Frequently asked questions

Do I need LangGraph for agentic workflows?

Not necessarily. LangGraph gives you nice primitives for state machines and is genuinely useful past a certain complexity. For two or three nodes with a loop, plain Python or n8n is enough and easier to debug at 2am.

How do I evaluate an agent?

Build a small eval set of real inputs with expected outcomes, even just 50 examples. Run the agent against the set after every prompt or model change. Measure success rate, average tool calls, average cost. Without an eval set you are tuning a thing you cannot see.

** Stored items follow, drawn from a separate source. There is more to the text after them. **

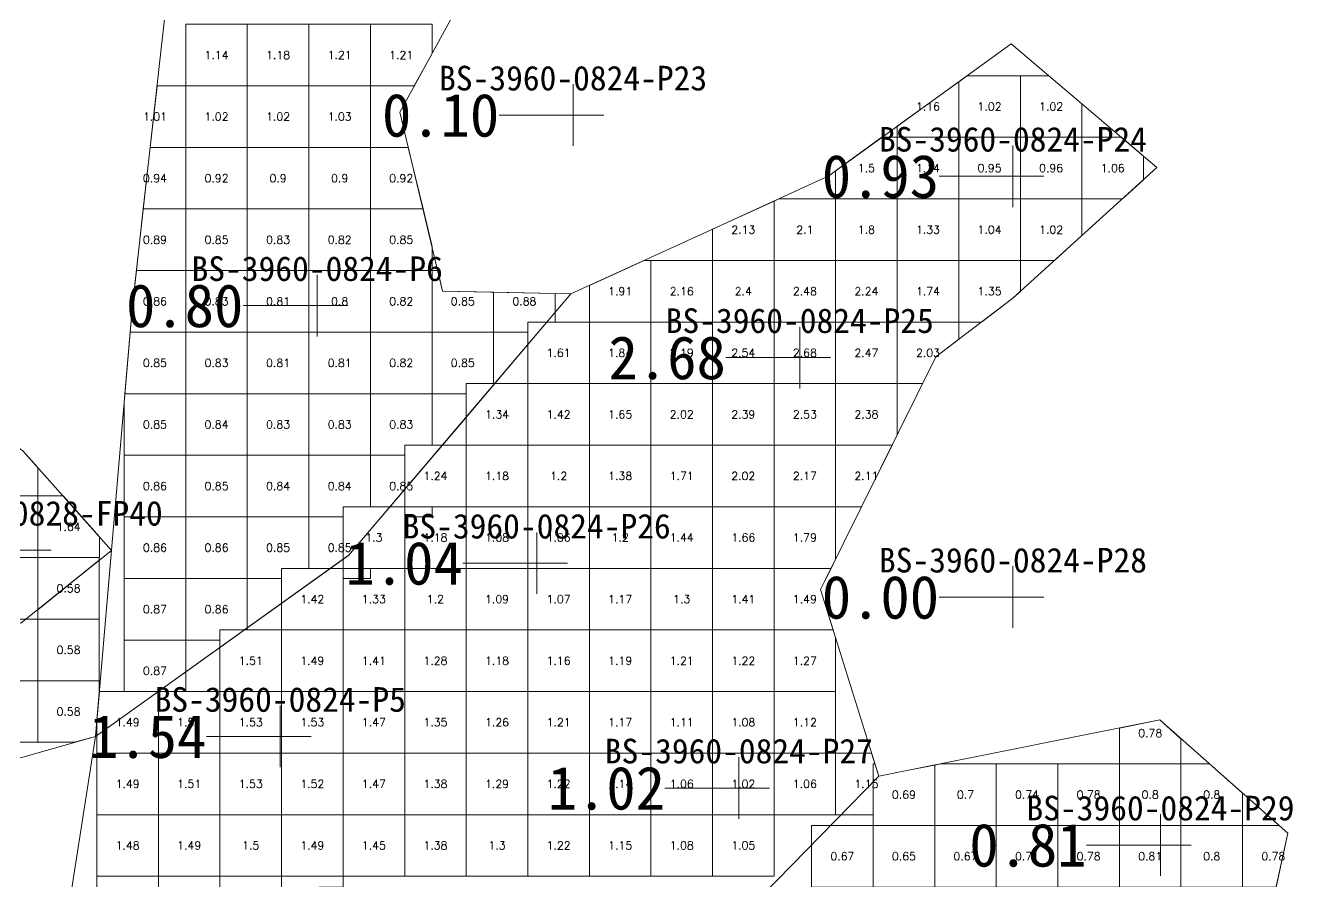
# Model space of a CAD drawing. Header units: inches. Extents: x 469941 to 470089, y 4349675 to 4349818.
# Drawn here: x 470062.12 to 470082.7, y 4349723.88 to 4349737.78 of the extents above; entities that cross this region are included whole.
import ezdxf
from ezdxf.enums import TextEntityAlignment as Align

# ---------------------------------------------------------------- set-up
doc = ezdxf.new("R2010")
doc.units = ezdxf.units.IN
doc.header["$MEASUREMENT"] = 0
for name, color, linetype, lineweight in [('0.500-1.000', 7, 'Continuous', 0), ('1.500-3.000', 7, 'Continuous', 0), ('孔口文字', 7, 'Continuous', 0), ('点', 7, 'Continuous', 0), ('爆区方格网', 7, 'Continuous', 0), ('线条', 7, 'Continuous', 0), ('钻孔', 7, 'Continuous', 0)]:
    doc.layers.add(name, color=color, linetype=linetype, lineweight=lineweight)
doc.styles.add('3dmine_textStyle_1', font='txt.shx', dxfattribs={"height": 1, "bigfont": 'gbcbig.shx'})
doc.styles.add('3dmine_textStyle_4', font='simsunb.ttf', dxfattribs={"height": 1})

msp = doc.modelspace()

# ---------------------------------------------------------------- hatches: boundary and pattern name
at = {"layer": '钻孔', "linetype": 'Continuous', "lineweight": 0, "true_color": 0x808080, "extrusion": (0, 1, 0)}
for points in [[(-470072.017, 3949.866), (-470071.017, 3949.866), (-470071.017, 3960.866), (-470072.017, 3960.866)], [(-470079.161, 3949.735), (-470078.161, 3949.735), (-470078.161, 3960.735), (-470079.161, 3960.735)]]:
    msp.add_hatch(color=8, dxfattribs=at).paths.add_polyline_path(points, flags=0)
at = {"layer": '钻孔', "linetype": 'Continuous', "lineweight": 0, "true_color": 0x00ffff, "extrusion": (0, 1, 0)}
for points in [[(-470079.161, 3949.595), (-470078.161, 3949.595), (-470078.161, 3960.595), (-470079.161, 3960.595)], [(-470067.86, 3949.719), (-470066.86, 3949.719), (-470066.86, 3960.719), (-470067.86, 3960.719)], [(-470075.698, 3949.721), (-470074.698, 3949.721), (-470074.698, 3960.721), (-470075.698, 3960.721)], [(-470067.26, 3949.557), (-470066.26, 3949.557), (-470066.26, 3960.557), (-470067.26, 3960.557)], [(-470081.557, 3949.593), (-470080.557, 3949.593), (-470080.557, 3960.593), (-470081.557, 3960.593)]]:
    msp.add_hatch(color=4, dxfattribs=at).paths.add_polyline_path(points, flags=0)
at = {"layer": '钻孔', "linetype": 'Continuous', "lineweight": 0, "true_color": 0xff0000, "extrusion": (0, 1, 0)}
msp.add_hatch(color=1, dxfattribs=at).paths.add_polyline_path([(-470063.038, 3949.617), (-470062.038, 3949.617), (-470062.038, 3960.617), (-470063.038, 3960.617)], flags=0)
at = {"layer": '钻孔', "linetype": 'Continuous', "lineweight": 0, "true_color": 0x0000ff, "extrusion": (0, 1, 0)}
for points in [[(-470071.425, 3949.786), (-470070.425, 3949.786), (-470070.425, 3960.786), (-470071.425, 3960.786)], [(-470074.709, 3949.585), (-470073.709, 3949.585), (-470073.709, 3960.585), (-470074.709, 3960.585)]]:
    msp.add_hatch(color=5, dxfattribs=at).paths.add_polyline_path(points, flags=0)

# ---------------------------------------------------------------- linework, layer by layer
at = {"layer": '0.500-1.000', "color": 4, "linetype": 'Continuous', "lineweight": 0, "true_color": 0x00ffff}
for points in [[(470070.195, 4349740.009), (470068.335, 4349736.613), (470068.203, 4349736.372), (470068.898, 4349733.465), (470070.982, 4349733.419), (470067.368, 4349729.173), (470063.26, 4349726.234), (470063.86, 4349733.23), (470064.29, 4349737.066), (470064.645, 4349740.239)], [(470063.26, 4349726.234), (470059.847, 4349725.264), (470055.436, 4349724.034), (470055.349, 4349724.01), (470049.988, 4349722.137), (470047.32, 4349724.278), (470049.955, 4349726.426), (470052.534, 4349726.402), (470055.225, 4349724.723), (470055.344, 4349724.648), (470056.857, 4349727.106), (470059.05, 4349729.187), (470062.048, 4349728.072), (470063.519, 4349729.254), (470063.26, 4349726.234)], [(470069.01, 4349711.145), (470071.224, 4349714.988), (470071.34, 4349715.189), (470069.246, 4349717.475), (470068.89, 4349717.863), (470068.53, 4349717.799), (470065.12, 4349717.194), (470062.187, 4349719.361), (470062.724, 4349722.798), (470065.827, 4349723.179), (470069.347, 4349723.61), (470073.267, 4349723.439), (470073.853, 4349723.413), (470075.981, 4349725.587), (470076.492, 4349725.689), (470080.545, 4349726.501), (470082.627, 4349724.664)], [(470082.627, 4349724.664), (470081.817, 4349720.978), (470081.259, 4349720.442), (470078.008, 4349717.323), (470077.428, 4349716.89), (470074.163, 4349714.454), (470073.765, 4349714.157), (470075.484, 4349711.781)]]:
    msp.add_lwpolyline(points, dxfattribs=at)
at = {"layer": '0.500-1.000', "color": 5, "linetype": 'Continuous', "lineweight": 0, "true_color": 0x0000ff}
msp.add_lwpolyline([(470080.5, 4349735.473), (470078.161, 4349733.35), (470077.371, 4349732.751), (470076.908, 4349732.4), (470075.108, 4349728.763), (470075.037, 4349728.619), (470075.981, 4349725.587), (470073.853, 4349723.413), (470069.735, 4349723.593), (470069.347, 4349723.61), (470066.035, 4349723.204), (470062.724, 4349722.798), (470063.26, 4349726.234), (470067.327, 4349729.144), (470067.327, 4349729.144), (470067.368, 4349729.173), (470069.175, 4349731.296), (470070.705, 4349733.094), (470070.982, 4349733.419), (470073.072, 4349734.375), (470075.161, 4349735.331), (470075.171, 4349735.338), (470078.131, 4349737.48), (470080.5, 4349735.473)], dxfattribs=at)
at = {"layer": '1.500-3.000', "color": 1, "linetype": 'Continuous', "lineweight": 0, "true_color": 0xff0000}
msp.add_lwpolyline([(470060.891, 4349731.706), (470062.08, 4349730.872), (470063.519, 4349729.254), (470062.046, 4349728.072), (470059.484, 4349729.025), (470059.05, 4349729.187), (470057.913, 4349728.108), (470056.857, 4349727.106), (470055.344, 4349724.648), (470052.534, 4349726.402), (470054.758, 4349729.953), (470055.576, 4349731.26), (470058.239, 4349733.565), (470060.891, 4349731.706)], dxfattribs=at)
at = {"layer": '点', "color": 138, "linetype": 'Continuous', "lineweight": 0, "true_color": 0x004c4c}
for points, elevation in [([(470071.017, 4349735.824), (470071.017, 4349736.824)], 3960.866), ([(470071.517, 4349736.324), (470070.517, 4349736.324)], 3960.866), ([(470078.161, 4349734.831), (470078.161, 4349735.831)], 3960.595), ([(470078.661, 4349735.331), (470077.661, 4349735.331)], 3960.595), ([(470066.86, 4349732.73), (470066.86, 4349733.73)], 3960.719), ([(470067.36, 4349733.23), (470066.36, 4349733.23)], 3960.719), ([(470074.698, 4349731.885), (470074.698, 4349732.885)], 3960.721), ([(470075.198, 4349732.385), (470074.198, 4349732.385)], 3960.721), ([(470070.425, 4349728.548), (470070.425, 4349729.548)], 3960.786), ([(470062.538, 4349729.257), (470061.538, 4349729.257)], 3960.617), ([(470070.925, 4349729.048), (470069.925, 4349729.048)], 3960.786), ([(470078.161, 4349727.996), (470078.161, 4349728.996)], 3960.735), ([(470078.661, 4349728.496), (470077.661, 4349728.496)], 3960.735), ([(470066.26, 4349725.734), (470066.26, 4349726.734)], 3960.557), ([(470066.76, 4349726.234), (470065.76, 4349726.234)], 3960.557), ([(470073.709, 4349724.896), (470073.709, 4349725.896)], 3960.585), ([(470074.209, 4349725.396), (470073.209, 4349725.396)], 3960.585), ([(470080.557, 4349723.97), (470080.557, 4349724.97)], 3960.593), ([(470081.057, 4349724.47), (470080.057, 4349724.47)], 3960.593)]:
    msp.add_lwpolyline(points, dxfattribs=dict(at, elevation=elevation))
at = {"layer": '爆区方格网', "color": 4, "linetype": 'Continuous', "lineweight": 0, "true_color": 0x00ffff}
for points, elevation in [([(470065.725, 4349736.799), (470064.725, 4349736.799), (470064.725, 4349737.799), (470065.725, 4349737.799), (470065.725, 4349736.799)], 3960.695), ([(470066.725, 4349736.799), (470065.725, 4349736.799), (470065.725, 4349737.799), (470066.725, 4349737.799), (470066.725, 4349736.799)], 3960.695), ([(470067.725, 4349736.799), (470066.725, 4349736.799), (470066.725, 4349737.799), (470067.725, 4349737.799), (470067.725, 4349736.799)], 3960.695), ([(470068.725, 4349737.324), (470068.437, 4349736.799), (470067.725, 4349736.799), (470067.725, 4349737.799), (470068.725, 4349737.799), (470068.725, 4349737.324)], 3960.695), ([(470064.725, 4349735.799), (470064.148, 4349735.799), (470064.26, 4349736.799), (470064.725, 4349736.799), (470064.725, 4349735.799)], 3960.695), ([(470065.725, 4349735.799), (470064.725, 4349735.799), (470064.725, 4349736.799), (470065.725, 4349736.799), (470065.725, 4349735.799)], 3960.695), ([(470066.725, 4349735.799), (470065.725, 4349735.799), (470065.725, 4349736.799), (470066.725, 4349736.799), (470066.725, 4349735.799)], 3960.695), ([(470067.725, 4349735.799), (470066.725, 4349735.799), (470066.725, 4349736.799), (470067.725, 4349736.799), (470067.725, 4349735.799)], 3960.695), ([(470064.725, 4349734.799), (470064.036, 4349734.799), (470064.148, 4349735.799), (470064.725, 4349735.799), (470064.725, 4349734.799)], 3960.695), ([(470065.725, 4349734.799), (470064.725, 4349734.799), (470064.725, 4349735.799), (470065.725, 4349735.799), (470065.725, 4349734.799)], 3960.695), ([(470066.725, 4349734.799), (470065.725, 4349734.799), (470065.725, 4349735.799), (470066.725, 4349735.799), (470066.725, 4349734.799)], 3960.695), ([(470067.725, 4349734.799), (470066.725, 4349734.799), (470066.725, 4349735.799), (470067.725, 4349735.799), (470067.725, 4349734.799)], 3960.695), ([(470068.579, 4349734.799), (470067.725, 4349734.799), (470067.725, 4349735.799), (470068.34, 4349735.799), (470068.579, 4349734.799)], 3960.695), ([(470064.725, 4349733.799), (470063.924, 4349733.799), (470064.036, 4349734.799), (470064.725, 4349734.799), (470064.725, 4349733.799)], 3960.695), ([(470065.725, 4349733.799), (470064.725, 4349733.799), (470064.725, 4349734.799), (470065.725, 4349734.799), (470065.725, 4349733.799)], 3960.695), ([(470066.725, 4349733.799), (470065.725, 4349733.799), (470065.725, 4349734.799), (470066.725, 4349734.799), (470066.725, 4349733.799)], 3960.695), ([(470067.725, 4349733.799), (470066.725, 4349733.799), (470066.725, 4349734.799), (470067.725, 4349734.799), (470067.725, 4349733.799)], 3960.695), ([(470068.725, 4349734.19), (470068.725, 4349733.799), (470067.725, 4349733.799), (470067.725, 4349734.799), (470068.579, 4349734.799), (470068.725, 4349734.19)], 3960.695), ([(470064.725, 4349732.799), (470063.823, 4349732.799), (470063.86, 4349733.23), (470063.924, 4349733.799), (470064.725, 4349733.799), (470064.725, 4349732.799)], 3960.695), ([(470065.725, 4349732.799), (470064.725, 4349732.799), (470064.725, 4349733.799), (470065.725, 4349733.799), (470065.725, 4349732.799)], 3960.695), ([(470066.725, 4349732.799), (470065.725, 4349732.799), (470065.725, 4349733.799), (470066.725, 4349733.799), (470066.725, 4349732.799)], 3960.695), ([(470067.725, 4349732.799), (470066.725, 4349732.799), (470066.725, 4349733.799), (470067.725, 4349733.799), (470067.725, 4349732.799)], 3960.695), ([(470068.725, 4349732.799), (470067.725, 4349732.799), (470067.725, 4349733.799), (470068.725, 4349733.799), (470068.725, 4349732.799)], 3960.695), ([(470068.898, 4349733.465), (470069.725, 4349733.447), (470069.725, 4349732.799), (470068.725, 4349732.799), (470068.725, 4349733.799), (470068.818, 4349733.799), (470068.898, 4349733.465)], 3960.695), ([(470070.725, 4349733.425), (470070.725, 4349732.963), (470070.281, 4349732.963), (470070.281, 4349732.799), (470069.725, 4349732.799), (470069.725, 4349733.447), (470070.725, 4349733.425)], 3960.695), ([(470064.725, 4349731.799), (470063.737, 4349731.799), (470063.823, 4349732.799), (470064.725, 4349732.799), (470064.725, 4349731.799)], 3960.695), ([(470065.725, 4349731.799), (470064.725, 4349731.799), (470064.725, 4349732.799), (470065.725, 4349732.799), (470065.725, 4349731.799)], 3960.695), ([(470066.725, 4349731.799), (470065.725, 4349731.799), (470065.725, 4349732.799), (470066.725, 4349732.799), (470066.725, 4349731.799)], 3960.695), ([(470067.725, 4349731.799), (470066.725, 4349731.799), (470066.725, 4349732.799), (470067.725, 4349732.799), (470067.725, 4349731.799)], 3960.695), ([(470068.725, 4349731.799), (470067.725, 4349731.799), (470067.725, 4349732.799), (470068.725, 4349732.799), (470068.725, 4349731.799)], 3960.695), ([(470069.725, 4349731.963), (470069.281, 4349731.963), (470069.281, 4349731.799), (470068.725, 4349731.799), (470068.725, 4349732.799), (470069.725, 4349732.799), (470069.725, 4349731.963)], 3960.695), ([(470064.725, 4349730.799), (470063.725, 4349730.799), (470063.725, 4349731.651), (470063.737, 4349731.799), (470064.725, 4349731.799), (470064.725, 4349730.799)], 3960.695), ([(470065.725, 4349730.799), (470064.725, 4349730.799), (470064.725, 4349731.799), (470065.725, 4349731.799), (470065.725, 4349730.799)], 3960.695), ([(470066.725, 4349730.799), (470065.725, 4349730.799), (470065.725, 4349731.799), (470066.725, 4349731.799), (470066.725, 4349730.799)], 3960.695), ([(470067.725, 4349730.799), (470066.725, 4349730.799), (470066.725, 4349731.799), (470067.725, 4349731.799), (470067.725, 4349730.799)], 3960.695), ([(470068.725, 4349730.963), (470068.281, 4349730.963), (470068.281, 4349730.799), (470067.725, 4349730.799), (470067.725, 4349731.799), (470068.725, 4349731.799), (470068.725, 4349730.963)], 3960.695), ([(470064.725, 4349729.799), (470063.725, 4349729.799), (470063.725, 4349730.799), (470064.725, 4349730.799), (470064.725, 4349729.799)], 3960.695), ([(470065.725, 4349729.799), (470064.725, 4349729.799), (470064.725, 4349730.799), (470065.725, 4349730.799), (470065.725, 4349729.799)], 3960.695), ([(470066.725, 4349729.799), (470065.725, 4349729.799), (470065.725, 4349730.799), (470066.725, 4349730.799), (470066.725, 4349729.799)], 3960.695), ([(470067.725, 4349729.963), (470067.281, 4349729.963), (470067.281, 4349729.799), (470066.725, 4349729.799), (470066.725, 4349730.799), (470067.725, 4349730.799), (470067.725, 4349729.963)], 3960.695), ([(470068.281, 4349729.963), (470068.725, 4349729.963), (470068.725, 4349729.799), (470068.281, 4349729.799), (470068.281, 4349729.963), (470067.725, 4349729.963), (470067.725, 4349730.799), (470068.281, 4349730.799), (470068.281, 4349729.963)], 3960.695), ([(470064.725, 4349728.799), (470063.725, 4349728.799), (470063.725, 4349729.799), (470064.725, 4349729.799), (470064.725, 4349728.799)], 3960.695), ([(470065.725, 4349728.799), (470064.725, 4349728.799), (470064.725, 4349729.799), (470065.725, 4349729.799), (470065.725, 4349728.799)], 3960.695), ([(470066.725, 4349728.963), (470066.281, 4349728.963), (470066.281, 4349728.799), (470065.725, 4349728.799), (470065.725, 4349729.799), (470066.725, 4349729.799), (470066.725, 4349728.963)], 3960.695), ([(470067.281, 4349728.963), (470067.725, 4349728.963), (470067.725, 4349728.799), (470067.281, 4349728.799), (470067.281, 4349728.963), (470066.725, 4349728.963), (470066.725, 4349729.799), (470067.281, 4349729.799), (470067.281, 4349728.963)], 3960.695), ([(470063.321, 4349729.095), (470062.321, 4349728.293), (470062.321, 4349729.138), (470063.321, 4349729.138), (470063.321, 4349729.095)], 3960.486), ([(470063.321, 4349728.138), (470062.321, 4349728.138), (470062.321, 4349728.291), (470063.321, 4349729.095), (470063.321, 4349728.138)], 3960.486), ([(470064.725, 4349727.799), (470063.725, 4349727.799), (470063.725, 4349728.799), (470064.725, 4349728.799), (470064.725, 4349727.799)], 3960.695), ([(470065.725, 4349727.963), (470065.281, 4349727.963), (470065.281, 4349727.799), (470064.725, 4349727.799), (470064.725, 4349728.799), (470065.725, 4349728.799), (470065.725, 4349727.963)], 3960.695), ([(470062.321, 4349727.138), (470061.321, 4349727.138), (470061.321, 4349728.138), (470062.127, 4349728.138), (470062.046, 4349728.072), (470061.95, 4349728.108), (470061.95, 4349728.108), (470062.046, 4349728.072), (470062.046, 4349728.072), (470062.048, 4349728.072), (470062.13, 4349728.138), (470062.321, 4349728.138), (470062.321, 4349727.138)], 3960.486), ([(470063.321, 4349727.138), (470062.321, 4349727.138), (470062.321, 4349728.138), (470063.321, 4349728.138), (470063.321, 4349727.138)], 3960.486), ([(470064.725, 4349726.963), (470063.725, 4349726.963), (470063.725, 4349727.799), (470064.725, 4349727.799), (470064.725, 4349726.963)], 3960.695), ([(470062.321, 4349726.138), (470061.321, 4349726.138), (470061.321, 4349727.138), (470062.321, 4349727.138), (470062.321, 4349726.138)], 3960.486), ([(470063.321, 4349726.95), (470063.26, 4349726.234), (470062.92, 4349726.138), (470062.321, 4349726.138), (470062.321, 4349727.138), (470063.321, 4349727.138), (470063.321, 4349726.95)], 3960.486), ([(470080.89, 4349726.196), (470080.89, 4349725.788), (470079.89, 4349725.788), (470079.89, 4349726.37), (470080.545, 4349726.501), (470080.89, 4349726.196)], 3960.875), ([(470075.981, 4349725.587), (470076.492, 4349725.689), (470076.89, 4349725.769), (470076.89, 4349724.788), (470075.89, 4349724.788), (470075.89, 4349725.788), (470075.918, 4349725.788), (470075.981, 4349725.587)], 3960.875), ([(470077.89, 4349724.788), (470076.89, 4349724.788), (470076.89, 4349725.769), (470076.985, 4349725.788), (470077.89, 4349725.788), (470077.89, 4349724.788)], 3960.875), ([(470078.89, 4349724.788), (470077.89, 4349724.788), (470077.89, 4349725.788), (470078.89, 4349725.788), (470078.89, 4349724.788)], 3960.875), ([(470079.89, 4349724.788), (470078.89, 4349724.788), (470078.89, 4349725.788), (470079.89, 4349725.788), (470079.89, 4349724.788)], 3960.875), ([(470080.89, 4349724.788), (470079.89, 4349724.788), (470079.89, 4349725.788), (470080.89, 4349725.788), (470080.89, 4349724.788)], 3960.875), ([(470081.89, 4349725.314), (470081.89, 4349724.788), (470080.89, 4349724.788), (470080.89, 4349725.788), (470081.353, 4349725.788), (470081.89, 4349725.314)], 3960.875), ([(470075.89, 4349723.788), (470074.89, 4349723.788), (470074.89, 4349724.788), (470075.89, 4349724.788), (470075.89, 4349723.788)], 3960.875), ([(470076.89, 4349723.788), (470075.89, 4349723.788), (470075.89, 4349724.788), (470076.89, 4349724.788), (470076.89, 4349723.788)], 3960.875), ([(470077.89, 4349723.788), (470076.89, 4349723.788), (470076.89, 4349724.788), (470077.89, 4349724.788), (470077.89, 4349723.788)], 3960.875), ([(470078.89, 4349723.788), (470077.89, 4349723.788), (470077.89, 4349724.788), (470078.89, 4349724.788), (470078.89, 4349723.788)], 3960.875), ([(470079.89, 4349723.788), (470078.89, 4349723.788), (470078.89, 4349724.788), (470079.89, 4349724.788), (470079.89, 4349723.788)], 3960.875), ([(470080.89, 4349723.788), (470079.89, 4349723.788), (470079.89, 4349724.788), (470080.89, 4349724.788), (470080.89, 4349723.788)], 3960.875), ([(470081.89, 4349723.788), (470080.89, 4349723.788), (470080.89, 4349724.788), (470081.89, 4349724.788), (470081.89, 4349723.788)], 3960.875), ([(470082.627, 4349724.664), (470082.434, 4349723.788), (470081.89, 4349723.788), (470081.89, 4349724.788), (470082.486, 4349724.788), (470082.627, 4349724.664)], 3960.875)]:
    msp.add_lwpolyline(points, dxfattribs=dict(at, elevation=elevation))
at = {"layer": '爆区方格网', "color": 5, "linetype": 'Continuous', "lineweight": 0, "true_color": 0x0000ff, "elevation": 3960.557}
for points in [[(470077.281, 4349735.963), (470076.281, 4349735.963), (470076.281, 4349736.142), (470077.281, 4349736.866), (470077.281, 4349735.963)], [(470078.281, 4349735.963), (470077.281, 4349735.963), (470077.281, 4349736.866), (470077.415, 4349736.963), (470078.281, 4349736.963), (470078.281, 4349735.963)], [(470079.281, 4349736.506), (470079.281, 4349735.963), (470078.281, 4349735.963), (470078.281, 4349736.963), (470078.742, 4349736.963), (470079.281, 4349736.506)], [(470076.281, 4349734.963), (470075.281, 4349734.963), (470075.281, 4349735.418), (470076.033, 4349735.963), (470076.281, 4349735.963), (470076.281, 4349734.963)], [(470077.281, 4349734.963), (470076.281, 4349734.963), (470076.281, 4349735.963), (470077.281, 4349735.963), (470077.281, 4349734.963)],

What about multi-agent setups?

Multi-agent is often a worse loop with extra steps. Two agents arguing is rarely better than one agent with a good prompt and a grader. There are cases where role separation helps (a researcher and a writer with different prompts), but the bar is higher than the marketing suggests.

Should the router and the actor be the same model?

Often the router can be a much smaller, cheaper model. Routing is classification; classification is easy. Save the expensive model for the actual work. This single split usually cuts cost by 40 to 60% with no quality loss.

Start with the switch statement. Add an LLM only where you can name the case the switch cannot handle. The agent is the last resort, not the first move.